Well done !! Thats great !! Thats really cute too


----------



## Brooke Lancelot (Jan 30, 2019)

Thank you 😂 my mom says he looks like an albino bat though


----------



## Ria (Aug 30, 2018)

Haha he looks like a cute albino bat😂


----------



## Brooke Lancelot (Jan 30, 2019)

😂😂 he says thaaanks


----------



## Ria (Aug 30, 2018)

I have one Holly somewhere where she's mid yawn and apparently looks scary😂 I think she still looks cute😂 Nice shot of the bat teeth though


----------



## Brooke Lancelot (Jan 30, 2019)

Lol I'd love to see that, and thanks.
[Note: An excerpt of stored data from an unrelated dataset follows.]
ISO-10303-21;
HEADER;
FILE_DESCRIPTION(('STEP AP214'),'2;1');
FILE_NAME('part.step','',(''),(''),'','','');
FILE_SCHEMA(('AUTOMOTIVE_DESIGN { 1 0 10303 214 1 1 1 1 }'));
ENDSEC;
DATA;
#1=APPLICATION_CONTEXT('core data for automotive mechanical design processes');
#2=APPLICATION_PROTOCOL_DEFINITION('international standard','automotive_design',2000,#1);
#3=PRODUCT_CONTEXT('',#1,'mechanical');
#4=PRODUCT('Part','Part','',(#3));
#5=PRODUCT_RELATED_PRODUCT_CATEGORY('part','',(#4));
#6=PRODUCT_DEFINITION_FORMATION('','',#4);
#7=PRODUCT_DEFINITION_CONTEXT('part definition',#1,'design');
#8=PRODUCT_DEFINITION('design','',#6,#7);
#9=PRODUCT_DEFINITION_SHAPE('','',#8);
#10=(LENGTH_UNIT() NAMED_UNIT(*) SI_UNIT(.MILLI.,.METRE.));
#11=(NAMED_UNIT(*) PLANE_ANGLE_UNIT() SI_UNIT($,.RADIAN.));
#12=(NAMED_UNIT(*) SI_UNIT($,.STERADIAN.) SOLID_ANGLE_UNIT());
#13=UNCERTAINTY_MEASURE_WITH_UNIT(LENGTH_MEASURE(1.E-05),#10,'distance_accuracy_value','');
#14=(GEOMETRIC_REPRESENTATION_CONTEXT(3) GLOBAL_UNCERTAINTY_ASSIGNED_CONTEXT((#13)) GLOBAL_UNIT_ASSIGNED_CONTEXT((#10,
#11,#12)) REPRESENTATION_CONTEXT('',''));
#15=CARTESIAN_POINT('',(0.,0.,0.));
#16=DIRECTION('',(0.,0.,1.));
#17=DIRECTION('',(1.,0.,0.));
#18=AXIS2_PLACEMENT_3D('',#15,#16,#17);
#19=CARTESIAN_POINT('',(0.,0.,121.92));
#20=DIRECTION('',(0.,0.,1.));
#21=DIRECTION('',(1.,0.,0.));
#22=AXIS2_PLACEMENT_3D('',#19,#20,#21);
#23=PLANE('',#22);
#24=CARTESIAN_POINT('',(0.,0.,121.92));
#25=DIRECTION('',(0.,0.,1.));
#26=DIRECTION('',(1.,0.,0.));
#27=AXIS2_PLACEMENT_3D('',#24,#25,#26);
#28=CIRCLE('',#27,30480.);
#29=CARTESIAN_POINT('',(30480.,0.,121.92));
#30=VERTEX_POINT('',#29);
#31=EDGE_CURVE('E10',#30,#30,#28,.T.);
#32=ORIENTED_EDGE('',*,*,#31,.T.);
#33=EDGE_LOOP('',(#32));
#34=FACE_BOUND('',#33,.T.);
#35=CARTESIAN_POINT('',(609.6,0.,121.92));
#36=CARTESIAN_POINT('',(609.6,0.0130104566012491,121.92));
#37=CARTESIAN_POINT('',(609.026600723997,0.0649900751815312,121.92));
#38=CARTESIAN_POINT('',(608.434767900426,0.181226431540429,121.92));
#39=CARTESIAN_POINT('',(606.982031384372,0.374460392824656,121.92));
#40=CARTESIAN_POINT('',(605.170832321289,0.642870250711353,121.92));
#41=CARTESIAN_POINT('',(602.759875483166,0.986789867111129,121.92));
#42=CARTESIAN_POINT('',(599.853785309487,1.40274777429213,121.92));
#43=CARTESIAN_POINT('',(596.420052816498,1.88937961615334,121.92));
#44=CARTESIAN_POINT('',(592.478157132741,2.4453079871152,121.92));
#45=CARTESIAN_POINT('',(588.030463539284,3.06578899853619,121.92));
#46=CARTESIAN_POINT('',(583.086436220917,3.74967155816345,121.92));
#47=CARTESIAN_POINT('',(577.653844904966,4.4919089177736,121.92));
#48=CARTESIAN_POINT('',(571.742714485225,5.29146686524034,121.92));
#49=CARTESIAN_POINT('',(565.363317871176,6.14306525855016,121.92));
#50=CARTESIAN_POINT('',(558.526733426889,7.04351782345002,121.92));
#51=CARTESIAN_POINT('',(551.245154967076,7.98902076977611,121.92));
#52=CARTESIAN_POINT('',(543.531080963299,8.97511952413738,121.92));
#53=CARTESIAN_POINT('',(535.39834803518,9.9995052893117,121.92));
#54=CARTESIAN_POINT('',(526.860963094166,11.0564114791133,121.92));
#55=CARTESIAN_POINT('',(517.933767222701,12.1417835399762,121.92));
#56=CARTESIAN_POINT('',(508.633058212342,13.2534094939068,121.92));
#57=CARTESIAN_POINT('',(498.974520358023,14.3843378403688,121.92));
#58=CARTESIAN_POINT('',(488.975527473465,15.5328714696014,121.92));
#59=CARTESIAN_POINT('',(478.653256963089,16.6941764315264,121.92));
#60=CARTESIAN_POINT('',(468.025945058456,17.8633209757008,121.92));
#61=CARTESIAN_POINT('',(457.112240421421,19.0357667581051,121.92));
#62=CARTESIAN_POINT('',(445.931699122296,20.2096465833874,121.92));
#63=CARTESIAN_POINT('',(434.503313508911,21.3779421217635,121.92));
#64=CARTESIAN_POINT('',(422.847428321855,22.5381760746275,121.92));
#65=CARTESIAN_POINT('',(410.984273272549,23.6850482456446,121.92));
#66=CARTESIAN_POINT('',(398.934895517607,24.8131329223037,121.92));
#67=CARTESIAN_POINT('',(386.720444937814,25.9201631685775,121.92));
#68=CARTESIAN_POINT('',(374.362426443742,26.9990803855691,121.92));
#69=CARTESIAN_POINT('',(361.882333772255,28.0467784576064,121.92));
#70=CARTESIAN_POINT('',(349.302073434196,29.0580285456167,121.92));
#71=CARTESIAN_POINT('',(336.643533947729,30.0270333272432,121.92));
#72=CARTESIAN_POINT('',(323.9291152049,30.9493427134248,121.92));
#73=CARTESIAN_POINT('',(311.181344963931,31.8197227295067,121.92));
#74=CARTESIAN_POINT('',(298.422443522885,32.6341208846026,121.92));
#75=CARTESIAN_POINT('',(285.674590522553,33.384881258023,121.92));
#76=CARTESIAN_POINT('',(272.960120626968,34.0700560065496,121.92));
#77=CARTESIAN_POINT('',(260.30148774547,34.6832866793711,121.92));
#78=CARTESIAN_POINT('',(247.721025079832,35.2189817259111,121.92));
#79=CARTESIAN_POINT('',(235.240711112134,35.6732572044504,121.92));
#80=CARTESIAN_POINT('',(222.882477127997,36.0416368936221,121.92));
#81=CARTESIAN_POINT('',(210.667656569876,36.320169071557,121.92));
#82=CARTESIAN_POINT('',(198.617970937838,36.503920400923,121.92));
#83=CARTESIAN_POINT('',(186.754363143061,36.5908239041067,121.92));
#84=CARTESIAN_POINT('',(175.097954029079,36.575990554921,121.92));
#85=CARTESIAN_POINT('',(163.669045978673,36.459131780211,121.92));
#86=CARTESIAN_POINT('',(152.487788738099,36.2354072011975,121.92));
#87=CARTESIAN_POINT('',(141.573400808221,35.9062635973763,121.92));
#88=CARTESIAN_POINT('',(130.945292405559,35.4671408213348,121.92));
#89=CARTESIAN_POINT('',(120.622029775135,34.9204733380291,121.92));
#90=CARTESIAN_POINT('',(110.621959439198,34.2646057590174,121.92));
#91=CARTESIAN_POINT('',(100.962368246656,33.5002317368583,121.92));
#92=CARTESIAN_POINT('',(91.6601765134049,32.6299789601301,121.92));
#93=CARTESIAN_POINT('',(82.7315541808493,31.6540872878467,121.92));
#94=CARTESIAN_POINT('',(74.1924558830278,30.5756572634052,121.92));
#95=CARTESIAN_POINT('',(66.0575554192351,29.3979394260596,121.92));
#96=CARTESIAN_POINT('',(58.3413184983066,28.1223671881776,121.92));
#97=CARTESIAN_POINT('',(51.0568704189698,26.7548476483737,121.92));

I just spammed my camera and hoped for a good one


----------



## Ria (Aug 30, 2018)

With hedgehogs thats always the best way to do it !!
The photo is on her instagram, for whatever reason I cant add it onto here.


----------



## Brooke Lancelot (Jan 30, 2019)

Lol ok, what's her in Instagram?


----------



## Ria (Aug 30, 2018)

Holly_hedgehog_2018
Its a fair way down almost half way


----------



## moustachemoose (Dec 23, 2016)

Brooke Lancelot said:


> I got it! I finally got a picture of his teeethhhhhh ❤


Ahahaha beautiful !! What a handsome smile &#128516;


----------



## Darcie (Nov 25, 2018)

Little vanilla bat boy!!😉


----------